**Dataset extract:**
* * * *

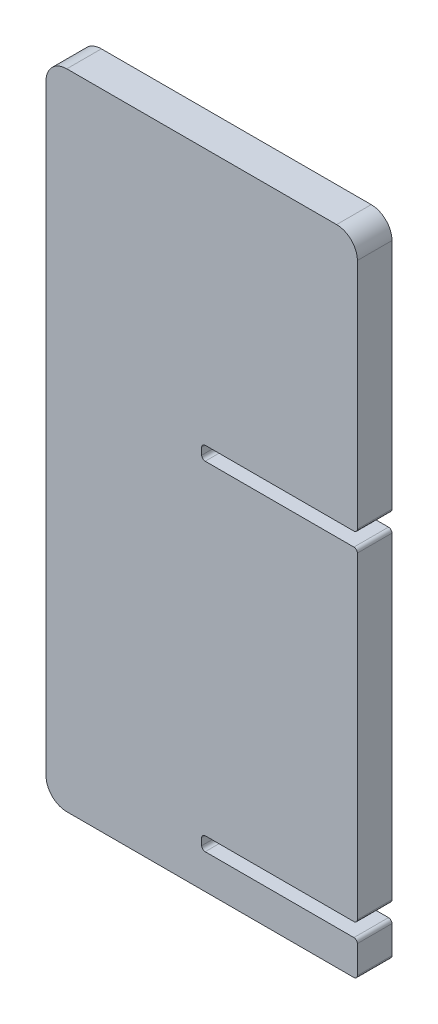
SolidWorks part; units mm, degrees
ref_plane "Alzado" through (0, 0, 0) normal (0, 0, 1) x (1, 0, 0)
ref_plane "Planta" through (0, 0, 0) normal (0, 1, 0) x (1, 0, 0)
ref_plane "Vista lateral" through (0, 0, 0) normal (1, 0, 0) x (0, 0, -1)
sketch "Croquis1" plane through (0, 0, 0) normal (0, 0, 1) x (1, 0, 0)
  line L1 (-22.5, 45) -> (22.5, 45)
  line L2 (-22.5, 45) -> (-22.5, -48)
  line L3 (-22.5, -48) -> (22.5, -48)
  line L4 (22.5, 45) -> (22.5, -48)
  dimension "D1" = 45
  dimension "D2" = 22.5
  dimension "D3" = 93
  dimension "D4" = 45
extrude "Saliente-Extruir1" add sketch "Croquis1" along normal blind 5 contours L2 L3 L4 L1
sketch "Croquis2" plane through (0, 0, 5) normal (0, 0, 1) x (1, 0, 0)
  line L0 (22.5, 45) -> (22.5, -48) construction
  line L1 (22.5, 7.8795) -> (0, 7.8795)
  line L2 (22.5, 7.8795) -> (22.5, 5.8795)
  line L3 (22.5, 5.8795) -> (0, 5.8795)
  line L4 (0, 7.8795) -> (0, 5.8795)
  dimension "D1" = 22.5
  dimension "D2" = 2
  dimension "D3" = 5.8795
extrude "Cortar-Extruir1" cut sketch "Croquis2" against normal up to surface (5 mm away) up to face at (0, -1.5, 0)
sketch "Croquis3" plane through (0, 0, 5) normal (0, 0, 1) x (1, 0, 0)
  line L0 (22.5, 5.8795) -> (22.5, -48) construction
  line L1 (22.5, -41) -> (0, -41)
  line L2 (22.5, -41) -> (22.5, -43)
  line L3 (22.5, -43) -> (0, -43)
  line L4 (0, -41) -> (0, -43)
  line L5 (-22.5, -48) -> (22.5, -48) construction
  dimension "D1" = 2
  dimension "D2" = 5
  dimension "D3" = 22.5
extrude "Cortar-Extruir2" cut sketch "Croquis3" against normal up to surface (5 mm away) up to face at (5.625, 2.6897, 0)
fillet "Redondeo1" radius 3 3 edges at (-22.5, -48, 2.5) (22.5, 45, 2.5) (-22.5, 45, 2.5)
fillet "Redondeo2" radius 0.5 9 edges at (22.5, 5.8795, 2.5) (22.5, 7.8795, 2.5) (0, 7.8795, 2.5) (0, 5.8795, 2.5) (22.5, -43, 2.5) (0, -43, 2.5) (0, -41, 2.5) (22.5, -41, 2.5) (22.5, -48, 2.5)

* * * *

The entries are to be restated word for word, with pictures omitted.

**Output below:**
SolidWorks part; units mm, degrees
ref_plane "Alzado" through (0, 0, 0) normal (0, 0, 1) x (1, 0, 0)
ref_plane "Planta" through (0, 0, 0) normal (0, 1, 0) x (1, 0, 0)
ref_plane "Vista lateral" through (0, 0, 0) normal (1, 0, 0) x (0, 0, -1)
sketch "Croquis1" plane through (0, 0, 0) normal (0, 0, 1) x (1, 0, 0)
  line L1 (-22.5, 45) -> (22.5, 45)
  line L2 (-22.5, 45) -> (-22.5, -48)
  line L3 (-22.5, -48) -> (22.5, -48)
  line L4 (22.5, 45) -> (22.5, -48)
  dimension "D1" = 45
  dimension "D2" = 22.5
  dimension "D3" = 93
  dimension "D4" = 45
extrude "Saliente-Extruir1" add sketch "Croquis1" along normal blind 5 contours L2 L3 L4 L1
sketch "Croquis2" plane through (0, 0, 5) normal (0, 0, 1) x (1, 0, 0)
  line L0 (22.5, 45) -> (22.5, -48) construction
  line L1 (22.5, 7.8795) -> (0, 7.8795)
  line L2 (22.5, 7.8795) -> (22.5, 5.8795)
  line L3 (22.5, 5.8795) -> (0, 5.8795)
  line L4 (0, 7.8795) -> (0, 5.8795)
  dimension "D1" = 22.5
  dimension "D2" = 2
  dimension "D3" = 5.8795
extrude "Cortar-Extruir1" cut sketch "Croquis2" against normal up to surface (5 mm away) up to face at (0, -1.5, 0)
sketch "Croquis3" plane through (0, 0, 5) normal (0, 0, 1) x (1, 0, 0)
  line L0 (22.5, 5.8795) -> (22.5, -48) construction
  line L1 (22.5, -41) -> (0, -41)
  line L2 (22.5, -41) -> (22.5, -43)
  line L3 (22.5, -43) -> (0, -43)
  line L4 (0, -41) -> (0, -43)
  line L5 (-22.5, -48) -> (22.5, -48) construction
  dimension "D1" = 2
  dimension "D2" = 5
  dimension "D3" = 22.5
extrude "Cortar-Extruir2" cut sketch "Croquis3" against normal up to surface (5 mm away) up to face at (5.625, 2.6897, 0)
fillet "Redondeo1" radius 3 3 edges at (-22.5, -48, 2.5) (22.5, 45, 2.5) (-22.5, 45, 2.5)
fillet "Redondeo2" radius 0.5 9 edges at (22.5, 5.8795, 2.5) (22.5, 7.8795, 2.5) (0, 7.8795, 2.5) (0, 5.8795, 2.5) (22.5, -43, 2.5) (0, -43, 2.5) (0, -41, 2.5) (22.5, -41, 2.5) (22.5, -48, 2.5)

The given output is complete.